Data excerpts
=== Begin Enclosure ===
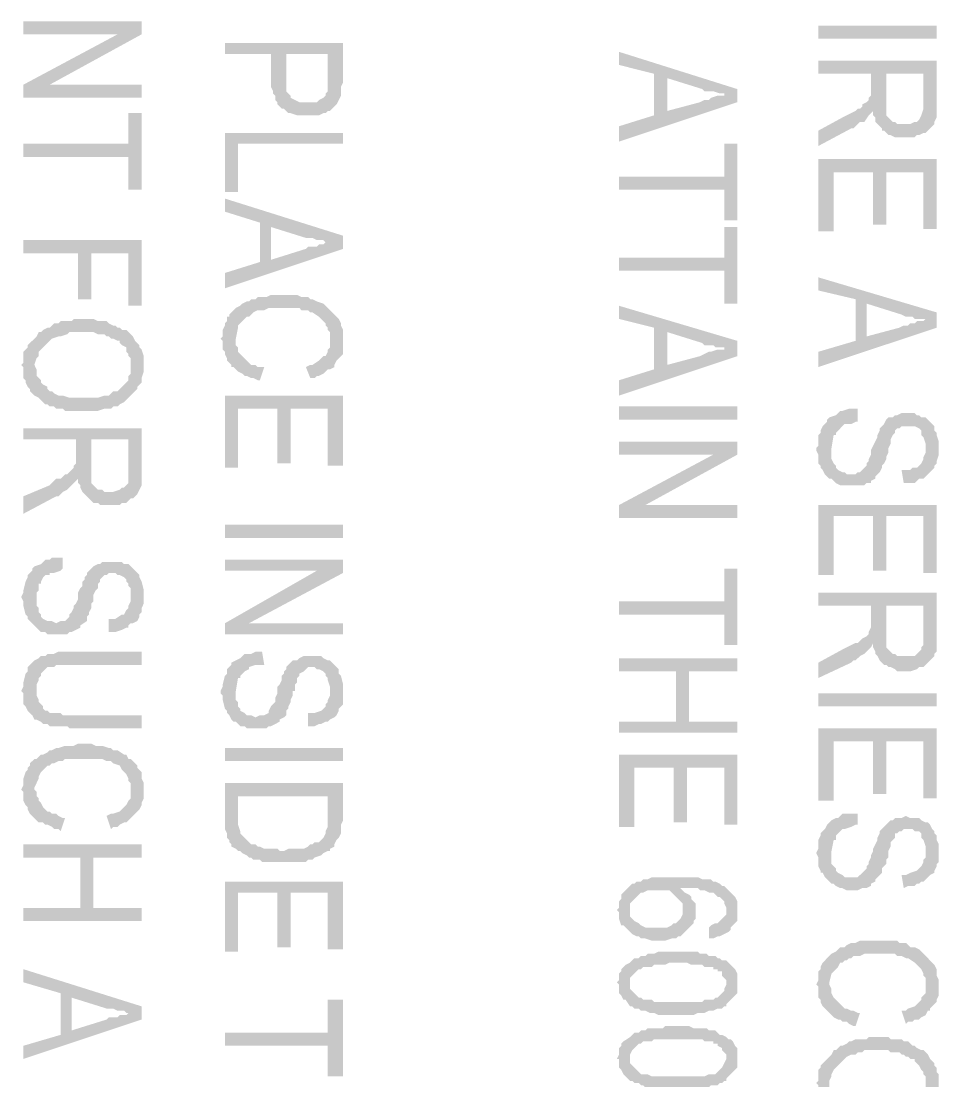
# Model space of a CAD drawing. Header units: inches. Extents: x -186 to 186, y -282 to 282.
# Drawn here: x -17.67 to -2.15, y 53.44 to 71.37 of the extents above; entities that cross this region are included whole.
import ezdxf

# ---------------------------------------------------------------- set-up
doc = ezdxf.new("R2010")
doc.units = ezdxf.units.IN
doc.header["$MEASUREMENT"] = 0
doc.layers.add('H', color=7, linetype='CONTINUOUS', lineweight=100)

msp = doc.modelspace()

# ---------------------------------------------------------------- hatches: boundary and pattern name
at = {"layer": 'H', "linetype": 'Continuous'}
for points in [[(-15.63, 71.148), (-15.63, 71.37), (-17.63, 71.37), (-17.63, 71.148), (-16.037, 71.148)], [(-4.185, 71.074), (-2.185, 71.074), (-2.185, 71.296), (-4.185, 71.296)], [(-15.63, 71.148), (-16.037, 71.148), (-17.63, 70.296), (-17.185, 70.296)], [(-12.222, 70.407), (-12.222, 71), (-14.222, 71), (-14.222, 70.815), (-13.444, 70.815), (-13.444, 70.259), (-13.407, 70.185), (-13.407, 70.148), (-13.37, 70.111), (-13.37, 70.037), (-13.333, 70), (-13.333, 69.963), (-13.296, 69.926), (-13.259, 69.889), (-13.222, 69.889), (-13.185, 69.852), (-13.185, 70.815), (-12.481, 70.815), (-12.481, 69.852), (-12.444, 69.852), (-12.407, 69.889), (-12.37, 69.926), (-12.333, 69.963), (-12.259, 70.111), (-12.259, 70.148), (-12.259, 70.185), (-12.259, 70.259), (-12.222, 70.333)], [(-12.481, 69.852), (-12.481, 70.37), (-12.481, 70.296), (-12.481, 70.222), (-12.481, 70.185), (-12.519, 70.148), (-12.519, 70.111), (-12.556, 70.074), (-12.63, 70.037), (-12.667, 70), (-12.778, 70), (-12.926, 70), (-12.963, 70), (-13.037, 70.037), (-13.111, 70.074), (-13.111, 70.111), (-13.148, 70.148), (-13.185, 70.185), (-13.185, 70.222), (-13.185, 70.296), (-13.185, 70.37), (-13.185, 70.815), (-13.185, 69.852), (-13.148, 69.815), (-13.111, 69.815), (-13, 69.778), (-12.926, 69.778), (-12.889, 69.778), (-12.778, 69.778), (-12.741, 69.778), (-12.667, 69.778), (-12.63, 69.778), (-12.556, 69.815), (-12.519, 69.815)], [(-5.556, 70), (-5.556, 70.222), (-7.556, 70.852), (-7.556, 70.63), (-6.963, 70.481), (-6.963, 69.778), (-6.741, 70.407), (-6.148, 70.222), (-6.111, 70.185), (-6.037, 70.185), (-5.963, 70.185), (-5.852, 70.148), (-5.815, 70.148), (-5.778, 70.148)], [(-2.185, 69.963), (-2.185, 70.704), (-4.185, 70.704), (-4.185, 70.481), (-3.296, 70.481), (-3.296, 70.222), (-3.259, 69.852), (-3.259, 69.778), (-3.222, 69.741), (-3.222, 69.667), (-3.185, 69.63), (-3.148, 69.593), (-3.111, 69.556), (-3.111, 69.519), (-3.074, 69.519), (-3.037, 70.481), (-2.407, 70.481), (-2.407, 69.963), (-2.37, 69.481), (-2.333, 69.519), (-2.296, 69.556), (-2.259, 69.593), (-2.222, 69.63), (-2.222, 69.667), (-2.185, 69.741), (-2.185, 69.778), (-2.185, 69.889)], [(-2.37, 69.481), (-2.407, 69.963), (-2.407, 69.889), (-2.444, 69.778), (-2.481, 69.704), (-2.519, 69.667), (-2.556, 69.667), (-2.63, 69.63), (-2.667, 69.63), (-2.815, 69.63), (-2.852, 69.63), (-2.889, 69.667), (-2.926, 69.667), (-2.963, 69.704), (-3, 69.741), (-3.037, 69.778), (-3.037, 69.815), (-3.037, 69.852), (-3.037, 69.889), (-3.037, 70.481), (-3.074, 69.519), (-3, 69.444), (-2.963, 69.444), (-2.889, 69.407), (-2.852, 69.407), (-2.63, 69.407), (-2.556, 69.407), (-2.519, 69.444), (-2.481, 69.444), (-2.407, 69.481)], [(-15.63, 70.074), (-15.63, 70.296), (-17.185, 70.296), (-17.63, 70.296), (-17.63, 70.074)], [(-5.556, 70), (-5.778, 70.148), (-5.778, 70.111), (-5.852, 70.111), (-5.889, 70.111), (-6, 70.074), (-6.037, 70.037), (-6.111, 70.037), (-6.185, 70), (-6.741, 69.852), (-6.741, 70.407), (-6.963, 69.778), (-7.556, 69.593), (-7.556, 69.333)], [(-3.259, 69.852), (-3.296, 70.222), (-3.296, 70.148), (-3.296, 70.111), (-3.333, 70.074), (-3.333, 70.037), (-3.37, 70), (-3.444, 69.963), (-3.444, 69.926), (-3.481, 69.889), (-3.519, 69.889), (-3.556, 69.852), (-3.63, 69.815), (-3.704, 69.778), (-3.778, 69.741), (-4.185, 69.519), (-4.185, 69.259), (-3.63, 69.556), (-3.593, 69.556), (-3.556, 69.593), (-3.519, 69.63), (-3.481, 69.667), (-3.407, 69.667), (-3.333, 69.778), (-3.296, 69.815)], [(-15.63, 68.519), (-15.63, 69.815), (-15.852, 69.815), (-15.852, 69.296), (-17.63, 69.296), (-17.63, 69.074), (-15.852, 69.074), (-15.852, 68.519)], [(-12.222, 69.296), (-12.222, 69.481), (-14.222, 69.481), (-14.222, 68.481), (-14, 68.481), (-14, 69.296)], [(-5.556, 68), (-5.556, 69.296), (-5.778, 69.296), (-5.778, 68.741), (-7.556, 68.741), (-7.556, 68.519), (-5.778, 68.519), (-5.778, 68)], [(-2.185, 67.852), (-2.185, 69.037), (-4.185, 69.037), (-4.185, 67.815), (-3.926, 67.815), (-3.926, 68.815), (-3.259, 68.815), (-3.259, 67.926), (-3.037, 67.926), (-3.037, 68.815), (-2.407, 68.815), (-2.407, 67.852)], [(-12.222, 67.519), (-12.222, 67.741), (-14.222, 68.37), (-14.222, 68.148), (-13.63, 67.963), (-13.63, 67.296), (-13.444, 67.889), (-12.852, 67.704), (-12.778, 67.704), (-12.741, 67.704), (-12.667, 67.667), (-12.63, 67.667), (-12.556, 67.667), (-12.519, 67.63), (-12.444, 67.63)], [(-12.222, 67.519), (-12.444, 67.63), (-12.481, 67.63), (-12.519, 67.63), (-12.556, 67.593), (-12.63, 67.593), (-12.667, 67.556), (-12.741, 67.556), (-12.815, 67.556), (-12.852, 67.519), (-13.444, 67.333), (-13.444, 67.889), (-13.63, 67.296), (-14.222, 67.111), (-14.222, 66.852)], [(-5.556, 66.593), (-5.556, 67.889), (-5.778, 67.889), (-5.778, 67.37), (-7.556, 67.37), (-7.556, 67.148), (-5.778, 67.148), (-5.778, 66.593)], [(-15.63, 66.556), (-15.63, 67.667), (-17.63, 67.667), (-17.63, 67.444), (-16.704, 67.444), (-16.704, 66.667), (-16.481, 66.667), (-16.481, 67.444), (-15.852, 67.444), (-15.852, 66.556)], [(-2.185, 66.185), (-2.185, 66.444), (-4.185, 67.037), (-4.185, 66.815), (-3.556, 66.667), (-3.556, 65.963), (-3.37, 66.593), (-2.778, 66.407), (-2.704, 66.37), (-2.667, 66.37), (-2.593, 66.37), (-2.556, 66.333), (-2.481, 66.333), (-2.444, 66.333), (-2.37, 66.333)], [(-12.444, 66.481), (-12.481, 66.519), (-12.519, 66.556), (-12.556, 66.593), (-12.667, 66.63), (-12.741, 66.667), (-12.778, 66.667), (-12.815, 66.704), (-12.889, 66.704), (-12.926, 66.704), (-13, 66.741), (-13.037, 66.741), (-13.111, 66.741), (-13.333, 66.741), (-13.37, 66.741), (-13.444, 66.741), (-13.519, 66.704), (-13.556, 66.704), (-13.667, 66.704), (-13.704, 66.667), (-13.778, 66.667), (-13.815, 66.63), (-13.852, 66.63), (-13.926, 66.593), (-13.963, 66.556), (-14.037, 66.519), (-14.074, 66.481), (-14.111, 66.444), (-14.148, 66.407), (-14.148, 66.37), (-14.185, 66.37), (-14.185, 66.296), (-14.222, 66.259), (-14.222, 66.222), (-14.259, 66.148), (-14.259, 66.111), (-14.259, 66.037), (-14.296, 66), (-14.259, 65.963), (-14.259, 65.889), (-14.259, 65.815), (-14.222, 65.778), (-14.222, 65.741), (-14.185, 65.667), (-14.185, 65.63), (-14.148, 65.593), (-14.111, 65.556), (-14.111, 65.519), (-14.074, 65.519), (-14.037, 66), (-14, 66.185), (-14, 66.222), (-13.963, 66.259), (-13.926, 66.296), (-13.889, 66.333), (-13.852, 66.37), (-13.815, 66.37), (-13.778, 66.407), (-13.741, 66.444), (-13.667, 66.481), (-13.556, 66.481), (-13.481, 66.519), (-13.444, 66.519), (-13.37, 66.519), (-13.111, 66.519), (-13.037, 66.519), (-12.963, 66.519), (-12.926, 66.481), (-12.852, 66.481), (-12.815, 66.481), (-12.778, 66.444), (-12.741, 66.444), (-12.63, 66.37), (-12.593, 66.333), (-12.556, 66.296), (-12.519, 66.259), (-12.519, 66.222), (-12.481, 66.185), (-12.481, 66.148), (-12.444, 66.111), (-12.444, 66.037), (-12.444, 65.963)], [(-5.556, 65.704), (-5.556, 65.963), (-7.556, 66.556), (-7.556, 66.333), (-6.963, 66.185), (-6.963, 65.481), (-6.741, 66.111), (-6.148, 65.926), (-6.111, 65.889), (-6.037, 65.889), (-5.963, 65.889), (-5.926, 65.852), (-5.852, 65.852), (-5.815, 65.852), (-5.778, 65.852)], [(-2.185, 66.185), (-2.37, 66.333), (-2.407, 66.296), (-2.481, 66.296), (-2.519, 66.296), (-2.556, 66.259), (-2.63, 66.259), (-2.667, 66.222), (-2.741, 66.222), (-2.815, 66.185), (-3.37, 66.037), (-3.37, 66.593), (-3.556, 65.963), (-4.185, 65.778), (-4.185, 65.519)], [(-15.593, 65.556), (-15.593, 65.63), (-15.593, 65.704), (-15.63, 65.815), (-15.667, 65.852), (-15.667, 65.889), (-15.704, 65.926), (-15.741, 65.963), (-15.778, 66.037), (-15.815, 66.074), (-15.852, 66.111), (-15.889, 66.148), (-15.963, 66.148), (-16, 66.185), (-16.037, 66.185), (-16.074, 66.222), (-16.111, 66.222), (-16.185, 66.259), (-16.222, 66.296), (-16.296, 66.296), (-16.333, 66.296), (-16.37, 66.296), (-16.444, 66.333), (-16.778, 66.333), (-16.815, 66.296), (-16.889, 66.296), (-16.963, 66.296), (-17, 66.296), (-17.037, 66.259), (-17.111, 66.259), (-17.148, 66.222), (-17.185, 66.185), (-17.222, 66.185), (-17.296, 66.148), (-17.333, 66.111), (-17.37, 66.111), (-17.407, 66.037), (-17.444, 66), (-17.481, 65.963), (-17.519, 65.926), (-17.556, 65.889), (-17.556, 65.852), (-17.593, 65.815), (-17.63, 65.778), (-17.63, 65.667), (-17.63, 65.593), (-17.667, 65.556), (-17.63, 65.519), (-17.63, 65.407), (-17.63, 65.333), (-17.593, 65.296), (-17.593, 65.259), (-17.556, 65.185), (-17.519, 65.148), (-17.519, 65.111), (-17.481, 65.074), (-17.444, 65.037), (-17.444, 65.556), (-17.407, 65.667), (-17.37, 65.704), (-17.37, 65.778), (-17.296, 65.852), (-17.259, 65.889), (-17.222, 65.926), (-17.185, 65.963), (-17.148, 66), (-17.037, 66.037), (-17, 66.037), (-16.889, 66.074), (-16.852, 66.111), (-16.704, 66.111), (-16.63, 66.111), (-16.556, 66.111), (-16.444, 66.111), (-16.37, 66.074), (-16.333, 66.074), (-16.259, 66.074), (-16.222, 66.037), (-16.185, 66.037), (-16.148, 66), (-16.111, 66), (-16.037, 65.963), (-16, 65.963), (-16, 65.926), (-15.963, 65.889), (-15.889, 65.852), (-15.889, 65.778), (-15.852, 65.741), (-15.852, 65.704), (-15.815, 65.667), (-15.815, 65.037), (-15.778, 65.074), (-15.741, 65.111), (-15.704, 65.148), (-15.704, 65.185), (-15.667, 65.222), (-15.63, 65.259), (-15.63, 65.333), (-15.593, 65.444), (-15.593, 65.481)], [(-12.222, 65.963), (-12.222, 66.037), (-12.222, 66.148), (-12.259, 66.222), (-12.259, 66.259), (-12.296, 66.333), (-12.333, 66.37), (-12.37, 66.407), (-12.407, 66.444), (-12.444, 66.481), (-12.444, 65.963), (-12.444, 65.889), (-12.444, 65.852), (-12.481, 65.815), (-12.481, 65.778), (-12.519, 65.704), (-12.556, 65.704), (-12.593, 65.667), (-12.63, 65.63), (-12.741, 65.556), (-12.778, 65.556), (-12.852, 65.519), (-12.778, 65.333), (-12.704, 65.333), (-12.667, 65.37), (-12.63, 65.37), (-12.556, 65.407), (-12.519, 65.444), (-12.481, 65.481), (-12.444, 65.481), (-12.37, 65.519), (-12.37, 65.556), (-12.333, 65.63), (-12.296, 65.667), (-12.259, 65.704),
=== End Enclosure ===
Check each line of the records for the string "ezdxf" and state how many lines contain it. Give only the number.

3